Darmajaya dulu, kata dia, hanya 63 orang dan kebun kelapa. “Di tahun ketiga yakni 1999 kita membangun masjid, kakak saya mewakafkan hartanya untuk masjid. Disitu kenaikan penerimaan mahasiswa mendapatkan 500. Saya sering menyebut dulu mahasiswa-mahasiswa Darmajaya martir. Tahun ini juga kita berencana akan menambah tujuh program studi,” tuturnya.

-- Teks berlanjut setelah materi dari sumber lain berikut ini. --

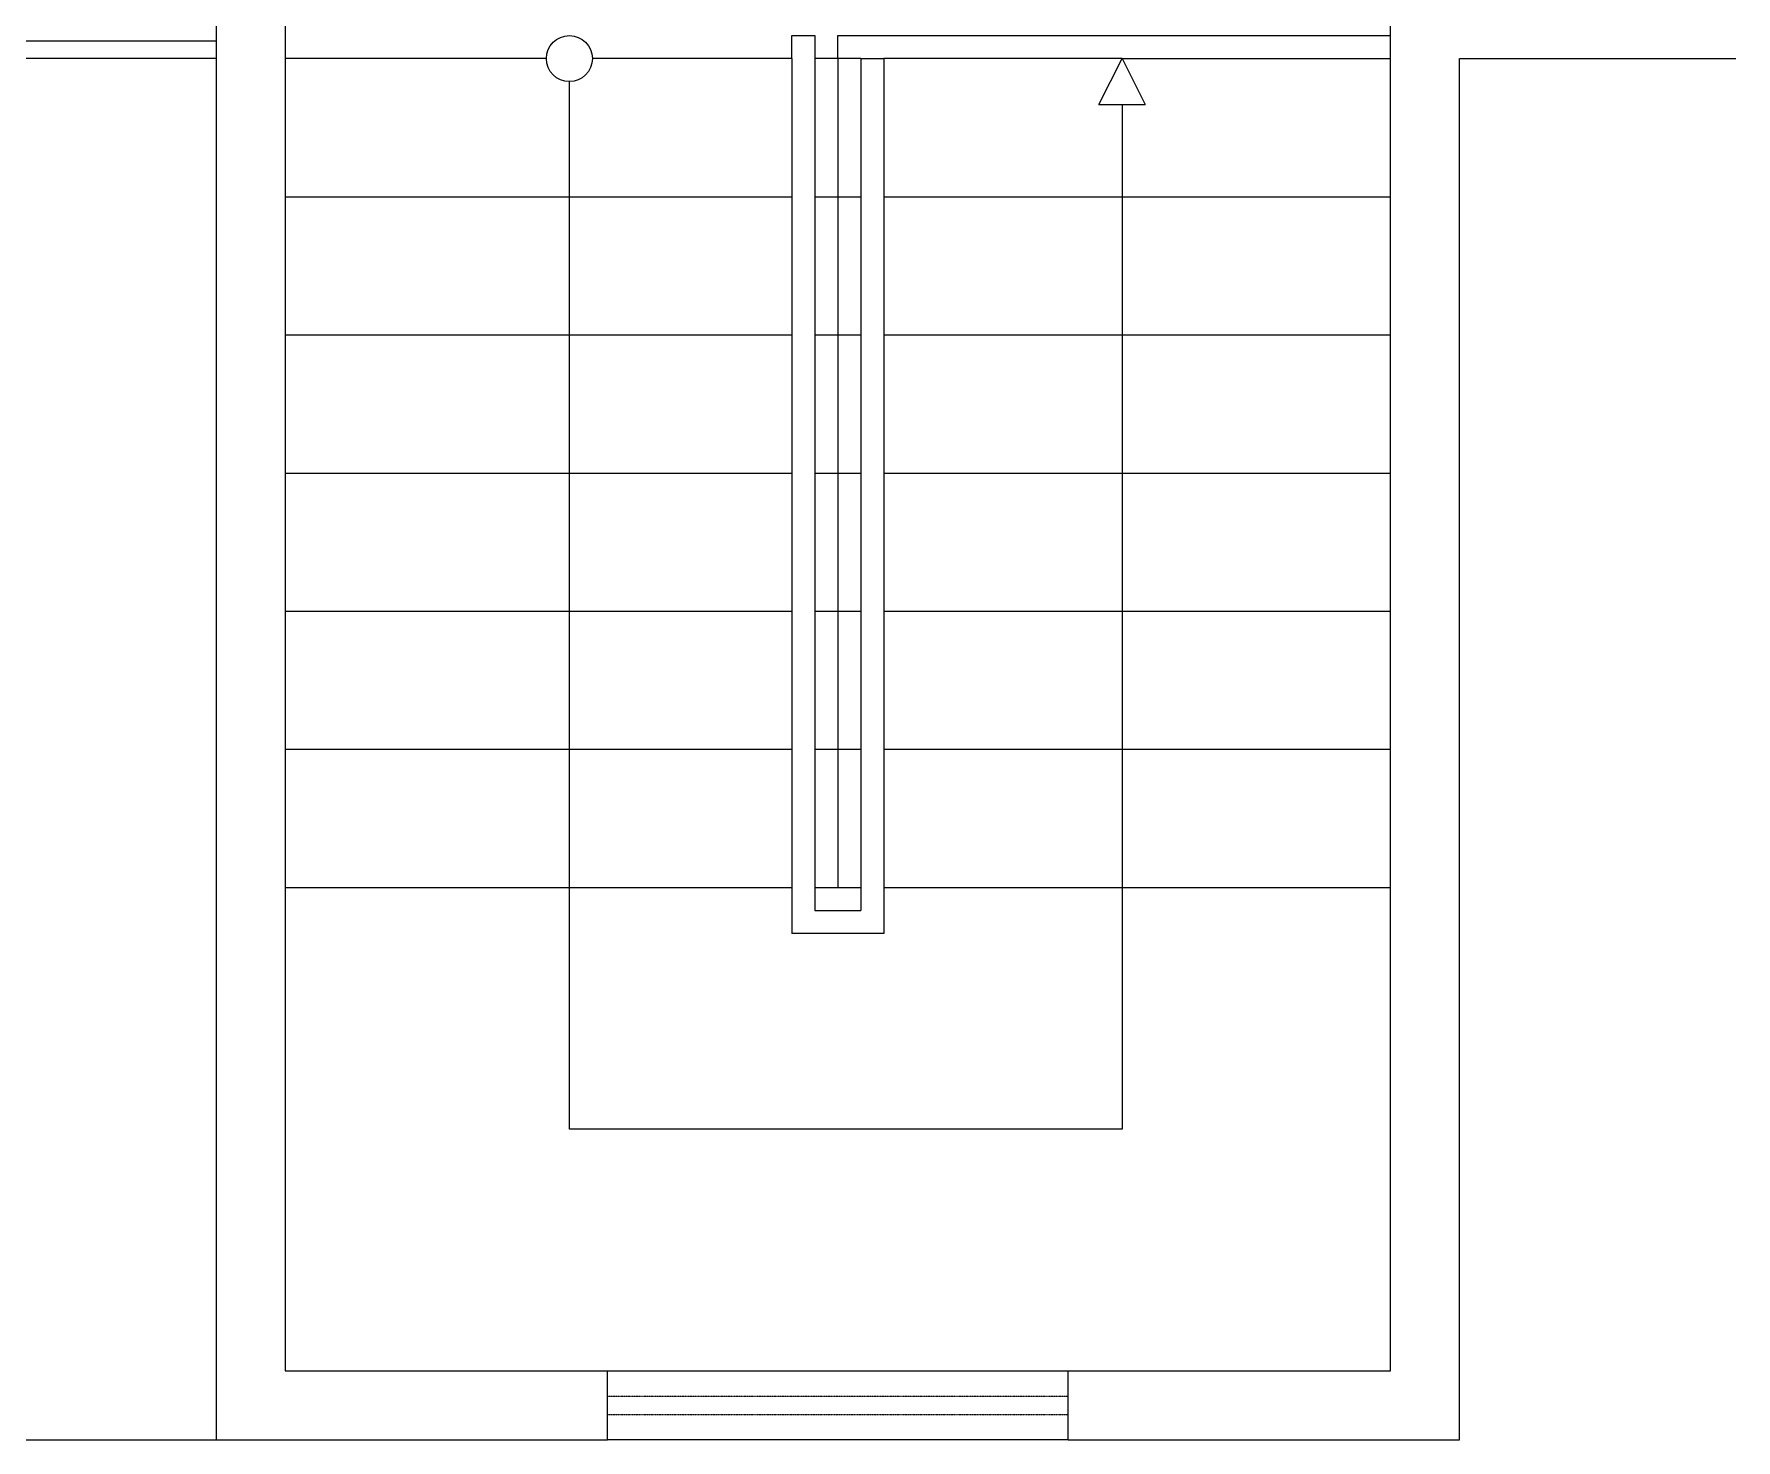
# Model space of a CAD drawing. Header units: millimetres. Extents: x -30673 to 129244, y -37020 to 10380.
# Drawn here: x -1891 to 1805, y -33470 to -30417 of the extents above; entities that cross this region are included whole.
import ezdxf

# ---------------------------------------------------------------- set-up
doc = ezdxf.new("R2010")
doc.units = ezdxf.units.MM
doc.header["$LTSCALE"] = 0.1
doc.linetypes.add('ACAD_ISO02W100', pattern=[15, 12, -3])
for name, color, linetype in [('detalhes', 1, 'Continuous'), ('elementos cortados', 6, 'Continuous'), ('grade', 8, 'Continuous'), ('projeção', 7, 'ACAD_ISO02W100')]:
    doc.layers.add(name, color=color, linetype=linetype)

msp = doc.modelspace()

# ---------------------------------------------------------------- linework, layer by layer
at = {"layer": 'detalhes', "ltscale": 0.1}
for p, q in [((-245.107, -30470.473), (-245.107, -30420.473)), ((-245.107, -30420.473), (-195.107, -30420.473)), ((-195.107, -30420.473), (-195.107, -30470.473)), ((-245.107, -30470.473), (-245.107, -32270.473)), ((-195.107, -30470.473), (-195.107, -32270.473)), ((-95.107, -30470.473), (-95.107, -32270.473)), ((-95.107, -30470.473), (-45.107, -30470.473)), ((-45.107, -30470.473), (-45.107, -32270.473)), ((421.776, -30570.473), (471.776, -30470.473)), ((471.776, -30470.473), (521.776, -30570.473)), ((-728.224, -32795.473), (-728.224, -30520.473)), ((421.776, -30570.473), (521.776, -30570.473)), ((421.776, -30570.473), (421.776, -30570.473)), ((471.776, -30570.473), (471.776, -32270.473)), ((-245.107, -32270.473), (-245.107, -32370.473)), ((-195.107, -32270.473), (-195.107, -32320.473)), ((-95.107, -32270.473), (-95.107, -32320.473)), ((-45.107, -32270.473), (-45.107, -32370.473)), ((471.776, -32270.473), (471.776, -32795.473)), ((-195.107, -32320.473), (-95.107, -32320.473)), ((-45.107, -32370.473), (-245.107, -32370.473)), ((471.776, -32795.473), (-728.224, -32795.473))]:
    msp.add_line(p, q, dxfattribs=at)
msp.add_circle((-728.224, -30470.473), 50, dxfattribs=at)
at = {"layer": 'elementos cortados', "ltscale": 0.1}
for p, q in [((-1495.107, -30320.473), (-1495.107, -30470.473)), ((1054.893, -30470.473), (1054.893, -30320.473)), ((-145.107, -30470.473), (-145.107, -30420.473)), ((-145.107, -30420.473), (1054.893, -30420.473)), ((-778.224, -30470.473), (-1345.107, -30470.473)), ((-245.107, -30470.473), (-678.224, -30470.473)), ((-95.107, -30470.473), (-195.107, -30470.473)), ((-145.107, -30470.473), (-145.107, -32270.473)), ((471.776, -30470.473), (-45.107, -30470.473)), ((1054.893, -33320.473), (1054.893, -30470.473)), ((1204.893, -30470.473), (1804.893, -30470.473)), ((1204.893, -33470.473), (1204.893, -30470.473)), ((-645.107, -33470.473), (-645.107, -33320.473)), ((-645.107, -33320.473), (354.893, -33320.473)), ((354.893, -33470.473), (354.893, -33320.473)), ((354.893, -33470.473), (-645.107, -33470.473)), ((1054.893, -33470.473), (1204.893, -33470.473))]:
    msp.add_line(p, q, dxfattribs=at)
at = {"layer": 'elementos cortados'}
for p, q in [((-1345.107, -30320.473), (-1345.107, -33320.473)), ((-1495.107, -30470.473), (-1495.107, -33470.473)), ((471.776, -30470.473), (1054.893, -30470.473)), ((-1345.107, -30770.473), (-245.107, -30770.473)), ((-195.107, -30770.473), (-95.107, -30770.473)), ((-45.107, -30770.473), (1054.893, -30770.473)), ((-1345.107, -31070.473), (-245.107, -31070.473)), ((-195.107, -31070.473), (-95.107, -31070.473)), ((-45.107, -31070.473), (1054.893, -31070.473)), ((-1345.107, -31370.473), (-245.107, -31370.473)), ((-195.107, -31370.473), (-95.107, -31370.473)), ((-45.107, -31370.473), (1054.893, -31370.473)), ((-1345.107, -31670.473), (-245.107, -31670.473)), ((-195.107, -31670.473), (-95.107, -31670.473)), ((-45.107, -31670.473), (1054.893, -31670.473)), ((-1345.107, -31970.473), (-245.107, -31970.473)), ((-195.107, -31970.473), (-95.107, -31970.473)), ((-45.107, -31970.473), (1054.893, -31970.473)), ((-1345.107, -32270.473), (-245.107, -32270.473)), ((-195.107, -32270.473), (-95.107, -32270.473)), ((-45.107, -32270.473), (1054.893, -32270.473)), ((-1345.107, -33320.473), (-645.107, -33320.473)), ((354.893, -33320.473), (1054.893, -33320.473)), ((-1495.107, -33470.473), (-1345.107, -33470.473)), ((-1345.107, -33470.473), (-645.107, -33470.473)), ((354.893, -33470.473), (1054.893, -33470.473))]:
    msp.add_line(p, q, dxfattribs=at)
at = {"layer": 'grade', "ltscale": 0.1}
for p, q in [((-1495.107, -30432.973), (-5395.891, -30432.973)), ((-1495.107, -30470.473), (-5645.107, -30470.473))]:
    msp.add_line(p, q, dxfattribs=at)
at = {"layer": 'projeção', "ltscale": 0.1}
for p, q in [((-645.107, -33375.473), (354.893, -33375.473)), ((-645.107, -33415.473), (354.893, -33415.473))]:
    msp.add_line(p, q, dxfattribs=at)
at = {"layer": 'projeção'}
msp.add_line((-8645.107, -33470.473), (-1495.107, -33470.473), dxfattribs=at)

doc.saveas('drawing.dxf')

Rektor IIB Darmajaya ini menerangkan Yayasan Alfian Husin selama ini telah memberikan banyak beasiswa. “Ratusan beasiswa sudah disalurkan. Itu rutin diberikan kepada yang berhak dan kita benar-benar menyeleksi. Yayasan juga setiap tahun ada bantuan perbaikan rumah ibadah, fakir miskin dan lainnya,” ujarnya.
Dr Lyza menambahkan kedua orang tua juga berpesan untuk mementingkan keluarga. “Kami selalu diajarkam oleh orang tua yang paling utama adalah keluarga,” ucapnya.
Ary dalam penutup talkshow menerangkan bahwa potensi Provinsi Lampung sangat besar. “Kami berharap dapat membangun Lampung terus. Ada keinginan untuk membangun hotel dan resort kedepannya tapi kita lihat nanti,” tutupnya.